*** Records for processing ***
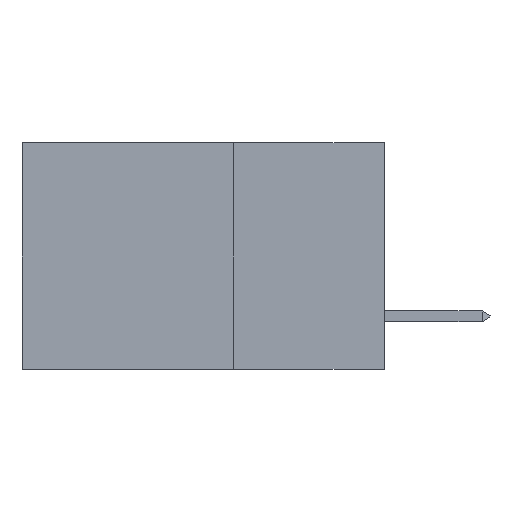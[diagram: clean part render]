
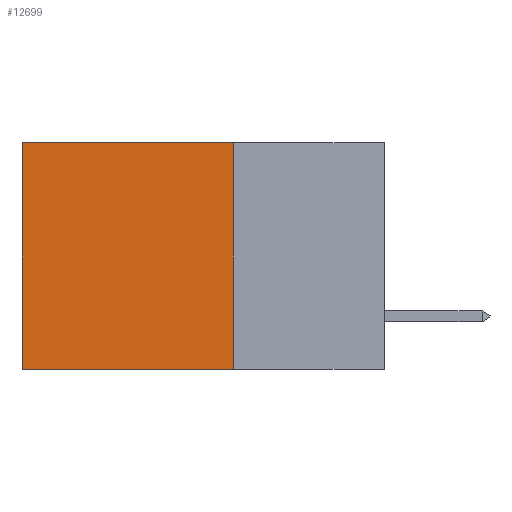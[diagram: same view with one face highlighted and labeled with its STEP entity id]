
A CAD part, left-side view. The second image highlights one B-rep face of the part: STEP entity #12699.
In plain terms, the highlighted planar face has unit normal (-1, 0, 0).
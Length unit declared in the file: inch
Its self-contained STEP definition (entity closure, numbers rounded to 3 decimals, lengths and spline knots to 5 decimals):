
#460 = DIRECTION ( 'NONE',  ( 0., 1., 0. ) ) ;
#1176 = VECTOR ( 'NONE', #14490, 39.37008 ) ;
#1179 = CARTESIAN_POINT ( 'NONE',  ( 0.2875, 0.25, 0. ) ) ;
#1201 = EDGE_CURVE ( 'NONE', #5448, #2355, #10544, .T. ) ;
#1265 = DIRECTION ( 'NONE',  ( 0., 0., -1. ) ) ;
#1835 = EDGE_LOOP ( 'NONE', ( #14859, #3529, #13547, #2210 ) ) ;
#2210 = ORIENTED_EDGE ( 'NONE', *, *, #11801, .T. ) ;
#2355 = VERTEX_POINT ( 'NONE', #14834 ) ;
#2936 = FACE_OUTER_BOUND ( 'NONE', #1835, .T. ) ;
#2952 = VECTOR ( 'NONE', #7620, 39.37008 ) ;
#3029 = EDGE_CURVE ( 'NONE', #12000, #10845, #12905, .T. ) ;
#3529 = ORIENTED_EDGE ( 'NONE', *, *, #12382, .F. ) ;
#3871 = CARTESIAN_POINT ( 'NONE',  ( 0.2875, 0.25, -0.375 ) ) ;
#4292 = VECTOR ( 'NONE', #14563, 39.37008 ) ;
#5175 = CARTESIAN_POINT ( 'NONE',  ( 0.2875, 0.25, 0. ) ) ;
#5448 = VERTEX_POINT ( 'NONE', #14396 ) ;
#6340 = CARTESIAN_POINT ( 'NONE',  ( 0.2875, 0.6, -0.375 ) ) ;
#7205 = AXIS2_PLACEMENT_3D ( 'NONE', #11652, #8143, #1265 ) ;
#7360 = CARTESIAN_POINT ( 'NONE',  ( 0.2875, 0.25, -0.375 ) ) ;
#7620 = DIRECTION ( 'NONE',  ( 0., 1., 0. ) ) ;
#8130 = VECTOR ( 'NONE', #460, 39.37008 ) ;
#8143 = DIRECTION ( 'NONE',  ( 1., 0., 0. ) ) ;
#8646 = LINE ( 'NONE', #3871, #2952 ) ;
#10458 = CARTESIAN_POINT ( 'NONE',  ( 0.2875, 0.25, -0.375 ) ) ;
#10544 = LINE ( 'NONE', #6340, #4292 ) ;
#10845 = VERTEX_POINT ( 'NONE', #10458 ) ;
#11652 = CARTESIAN_POINT ( 'NONE',  ( 0.2875, 0.25, -0.375 ) ) ;
#11796 = PLANE ( 'NONE',  #7205 ) ;
#11801 = EDGE_CURVE ( 'NONE', #12000, #5448, #12490, .T. ) ;
#12000 = VERTEX_POINT ( 'NONE', #1179 ) ;
#12382 = EDGE_CURVE ( 'NONE', #10845, #2355, #8646, .T. ) ;
#12490 = LINE ( 'NONE', #5175, #8130 ) ;
#12699 = ADVANCED_FACE ( 'NONE', ( #2936 ), #11796, .F. ) ;
#12905 = LINE ( 'NONE', #7360, #1176 ) ;
#13547 = ORIENTED_EDGE ( 'NONE', *, *, #3029, .F. ) ;
#14396 = CARTESIAN_POINT ( 'NONE',  ( 0.2875, 0.6, 0. ) ) ;
#14490 = DIRECTION ( 'NONE',  ( 0., 0., -1. ) ) ;
#14563 = DIRECTION ( 'NONE',  ( 0., 0., -1. ) ) ;
#14834 = CARTESIAN_POINT ( 'NONE',  ( 0.2875, 0.6, -0.375 ) ) ;
#14859 = ORIENTED_EDGE ( 'NONE', *, *, #1201, .T. ) ;
*** End of Records for processing ***
**About this exercise:** Return each line above where the word "unit" shows up.

**Finished exercise:**
In plain terms, the highlighted planar face has unit normal (-1, 0, 0).
Length unit declared in the file: inch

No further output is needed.